A agricultura da China é predominantemente de pequena escala, mas isso não leva necessariamente a uma menor eficiência ou eficácia de sua produção agrícola. A China alimenta 22% da população mundial usando apenas 7% de suas terras agrícolas, sendo o maior produtor de grãos do planeta. O nível de mecanização abrangente do cultivo e da colheita de safras na China aumentou de 32% em 2000 para 68% em 2020, dobrando em duas décadas. A taxa de mecanização do cultivo e colheita das principais culturas excede 70%, e mais de 80% nas principais culturas de grãos. As taxas de lavoura, semeadura e colheita mecânica estão em 84%, 56% e 61%, respectivamente. Atualmente, cerca de 87% da agricultura camponesa na China tem mecanização. E planeja-se atingir um nível de mecanização abrangente completo (100%) do cultivo de safras já nos próximos anos.

O poder total das máquinas agrícolas na China evoluiu de apenas 184,000 kw em 1952, 117,5 milhões de kw em 1978 e 1,06 bilhões de kw em 2021. A indústria de máquinas agrícolas tem crescido constantemente nos últimos anos, com mais de 10.000 empresas de fabricação e 20.000 de distribuição, muitas voltadas ao pequeno produtor. Um sistema operacional abrangente foi estabelecido, cobrindo fabricação, componentes, peças, vendas e serviços. Ocorre o fortalecimento dos grandes grupos nacionais, inclusive a partir da formação de conglomerados controlados diretamente pelo governo central. E, nessas condições, as empresas chinesas têm conseguido controlar o seu mercado interno de tratores, colheitadeiras e outros equipamentos para a agricultura, além de passar a ser uma potência exportadora de diversas máquinas agrícolas.

A China está tentando mecanizar completamente a cadeia geral de produção agrícola, do pequeno ao grande. Trata-se de um processo complexo e ainda ocorrem irregularidades na cadeia de produção agrícola. O nível de mecanização no estágio de produção tem sido muito maior do que nos estágios de pré e pós-produção. Além disso, o nível de mecanização é desigual entre as regiões, sendo compreensivelmente maior nas regiões economicamente mais desenvolvidas do que nas áreas economicamente menos desenvolvidas (isso é, maior no sudeste do que no oeste da China), nos tipos de culturas (sendo maior no arroz do que no trigo e no milho) e nas práticas agrícolas (onde a aplicação de máquinas agrícolas na lavoura é muito maior do que na colheita e processamento). Apesar de desequilíbrios, nas últimas seis décadas, a China obteve incontestáveis avanços na mecanização rural, sendo uma ferramenta fundamental e um objetivo estratégico para a construção de um sistema agrícola socialista moderno no país.
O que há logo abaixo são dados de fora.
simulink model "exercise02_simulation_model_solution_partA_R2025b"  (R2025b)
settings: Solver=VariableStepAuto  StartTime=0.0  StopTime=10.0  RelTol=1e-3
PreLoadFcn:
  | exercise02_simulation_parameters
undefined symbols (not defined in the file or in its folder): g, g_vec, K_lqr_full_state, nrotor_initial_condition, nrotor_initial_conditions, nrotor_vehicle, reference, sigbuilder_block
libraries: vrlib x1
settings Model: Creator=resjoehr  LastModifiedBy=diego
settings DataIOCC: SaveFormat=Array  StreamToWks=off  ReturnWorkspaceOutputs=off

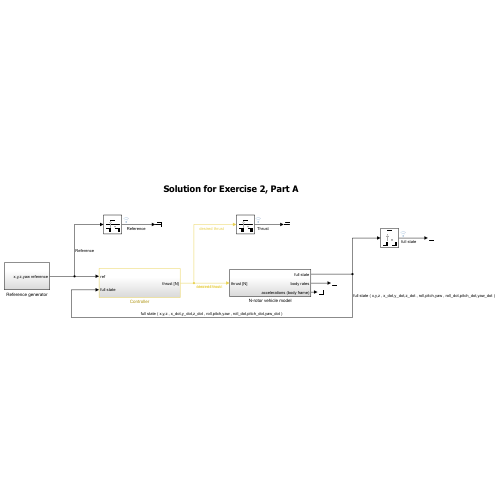
[thumbnail: Simulink's stored preview of the top-level diagram]
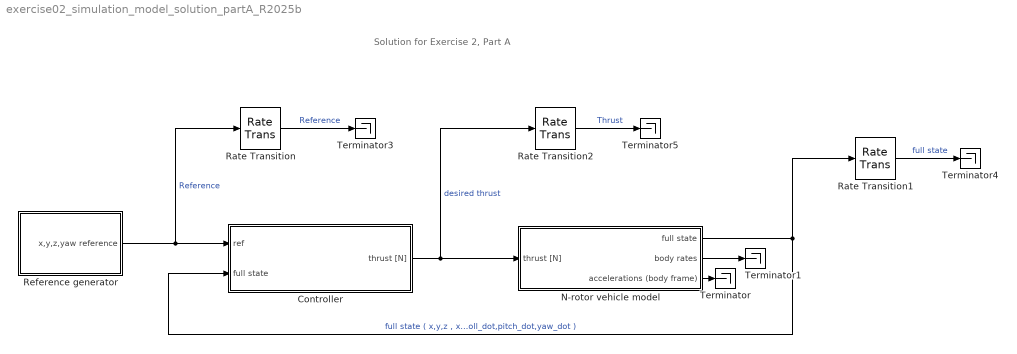
== system exercise02_simulation_model_solution_partA_R2025b ==
  note: Solution for Exercise 2, Part A
  Controller : Subsystem
  N-rotor vehicle model : Subsystem
  Rate Transition : RateTransition  OutPortSampleTime=0.05
  Rate Transition1 : RateTransition  OutPortSampleTime=0.05
  Rate Transition2 : RateTransition  OutPortSampleTime=0.05
  Reference generator : Subsystem
  Terminator{,1,3..5} (5 alike) : Terminator
  wires:
  N-rotor vehicle model/2(body rates) -> Terminator1/1
  Reference generator/1(x,y,z,yaw reference) -> Rate Transition/1, Controller/1(ref)  "Reference"
  N-rotor vehicle model/3(accelerations (body frame)) -> Terminator/1
  N-rotor vehicle model/1(full state) -> Controller/2(full state), Rate Transition1/1  "full state ( x,y,z , x_dot,y_dot,z_dot , roll,pitch,yaw , roll_dot,pitch_dot,yaw_dot )"
  Controller/1(thrust [N]) -> Rate Transition2/1, N-rotor vehicle model/1(thrust [N])  "desired thrust"
  Rate Transition1/1 -> Terminator4/1  "full state"
  Rate Transition/1 -> Terminator3/1  "Reference"
  Rate Transition2/1 -> Terminator5/1  "Thrust"

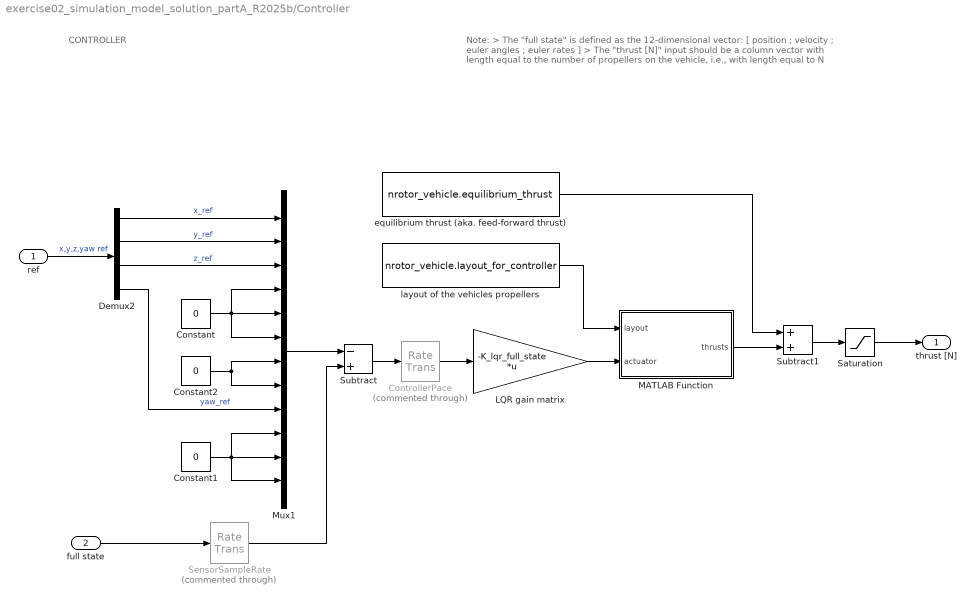
== system exercise02_simulation_model_solution_partA_R2025b/Controller ==
  note: CONTROLLER
  note: Note:
      | > The "full state" is defined as the 12-dimensional vector:
      | [ position ; velocity ; euler angles ; euler rates ]
      | > The "thrust [N]" input should be a column vector with
      | length equal to the number of propellers on the vehicle,
      | i.e., with length equal to N
  ref : Inport
  full state : Inport  Port=2
  Constant : Constant  Value=0
  Constant1 : Constant  Value=0
  Constant2 : Constant  Value=0
  ControllerPace : RateTransition  Commented=through  OutPortSampleTime=0.005
  Demux2 : Demux
  LQR gain matrix : Gain  Gain=-K_lqr_full_state  Multiplication=Matrix(K*u)
  MATLAB Function : MATLAB Function  TreatAsAtomicUnit=on
  Mux1 : Mux  Inputs=12
  Saturation : Saturate  UpperLimit=nrotor_vehicle.thrust_max  LowerLimit=nrotor_vehicle.thrust_min  ZeroCross=off
  SensorSampleRate : RateTransition  Commented=through  OutPortSampleTime=0.005
  Subtract : Sum  Inputs=-+
  Subtract1 : Sum
  equilibrium thrust (aka. feed-forward thrust) : Constant  Value=nrotor_vehicle.equilibrium_thrust
  layout of the vehicles propellers : Constant  Value=nrotor_vehicle.layout_for_controller
  thrust [N] : Outport  VectorParamsAs1DForOutWhenUnconnected=off
  wires:
  Saturation/1 -> thrust [N]/1
  ref/1 -> Demux2/1  "x,y,z,yaw ref"
  Mux1/1 -> Subtract/1
  Demux2/1 -> Mux1/1  "x_ref"
  Demux2/2 -> Mux1/2  "y_ref"
  Demux2/3 -> Mux1/3  "z_ref"
  Constant/1 -> Mux1/6, Mux1/5, Mux1/4
  full state/1 -> SensorSampleRate/1
  Subtract/1 -> ControllerPace/1
  LQR gain matrix/1 -> MATLAB Function/2(actuator)
  Subtract1/1 -> Saturation/1
  equilibrium thrust (aka. feed-forward thrust)/1 -> Subtract1/1
  Constant1/1 -> Mux1/11, Mux1/12, Mux1/10
  Constant2/1 -> Mux1/8, Mux1/7
  Demux2/4 -> Mux1/9  "yaw_ref"
  MATLAB Function/1(thrusts) -> Subtract1/2
  layout of the vehicles propellers/1 -> MATLAB Function/1(layout)
  SensorSampleRate/1 -> Subtract/2
  ControllerPace/1 -> LQR gain matrix/1

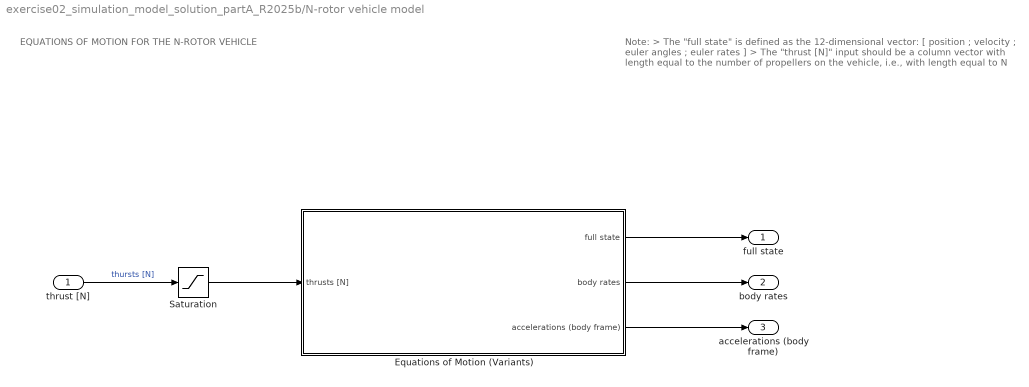
== system exercise02_simulation_model_solution_partA_R2025b/N-rotor vehicle model ==
  note: Note:
      | > The "full state" is defined as the 12-dimensional vector:
      | [ position ; velocity ; euler angles ; euler rates ]
      | > The "thrust [N]" input should be a column vector with
      | length equal to the number of propellers on the vehicle,
      | i.e., with length equal to N
  note: EQUATIONS OF MOTION FOR THE N-ROTOR VEHICLE
  thrust [N] : Inport
  Equations of Motion (Variants) : Subsystem  Variant=on  VariantControlMode=label  LabelModeActiveChoice=Choice_2
  Saturation : Saturate  UpperLimit=nrotor_vehicle.thrust_max  LowerLimit=nrotor_vehicle.thrust_min
  full state : Outport  VectorParamsAs1DForOutWhenUnconnected=off
  body rates : Outport  Port=2  VectorParamsAs1DForOutWhenUnconnected=off
  accelerations (body frame) : Outport  Port=3  VectorParamsAs1DForOutWhenUnconnected=off
  wires:
  thrust [N]/1 -> Saturation/1  "thursts [N]"
  Saturation/1 -> Equations of Motion (Variants)/1(thrusts [N])
  Equations of Motion (Variants)/2(body rates) -> body rates/1
  Equations of Motion (Variants)/1(full state) -> full state/1
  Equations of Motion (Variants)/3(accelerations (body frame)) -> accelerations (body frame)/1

Com base na experiência chinesa, os países em desenvolvimento nos estágios iniciais de mecanização com um grande número de pequenos agricultores (como o Brasil que não chega a 13% de mecanização da agricultura familiar), podem extrair algumas lições fundamentais sobre a mecanização da agricultura de pequena escala. Diversos países no Sul Global com agricultura de pequena escala ainda não exploraram o potencial da mecanização, principalmente devido a uma interpretação errônea de que apenas a mecanização em larga escala oferece benefícios. A mecanização é frequentemente vista como indigna na agricultura de pequena escala. Há uma perspectiva comumente aceita de que máquinas agrícolas são adequadas apenas para terras agrícolas de grande escala, impedindo que pequenos agricultores se beneficiem da mecanização. Se assim fosse, a probabilidade de possuir máquinas agrícolas estaria conectada ao tamanho das terras agrícolas. E, para tornar a situação mais difícil, os pequenos agricultores em países em desenvolvimento estão na extremidade inferior da escala econômica, frequentemente atingidos pela pobreza crônica e sua menor eficiência de produção resulta em menores rendas.

É preciso construir uma teoria de mecanização apropriada na agricultura de pequena escala. Máquinas agrícolas adequadas às condições locais, como o tamanho da terra, a inclinação da terra, características do solo, tipo de cultura ou com uma relação custo-eficácia para os agricultores influenciarão a decisão de adotar máquinas na agricultura de pequena escala. A escala da mecanização depende principalmente da escala das terras agrícolas: máquinas grandes para grandes fazendas e máquinas pequenas para pequenas fazendas. Otimizar a escala da máquina e da terra é uma das tarefas críticas no esforço para obter o melhor da mecanização, sendo uma das falhas mais críticas da mecanização na maioria dos países em desenvolvimento, devido a um equívoco de que as máquinas agrícolas só são lucrativas em grande escala.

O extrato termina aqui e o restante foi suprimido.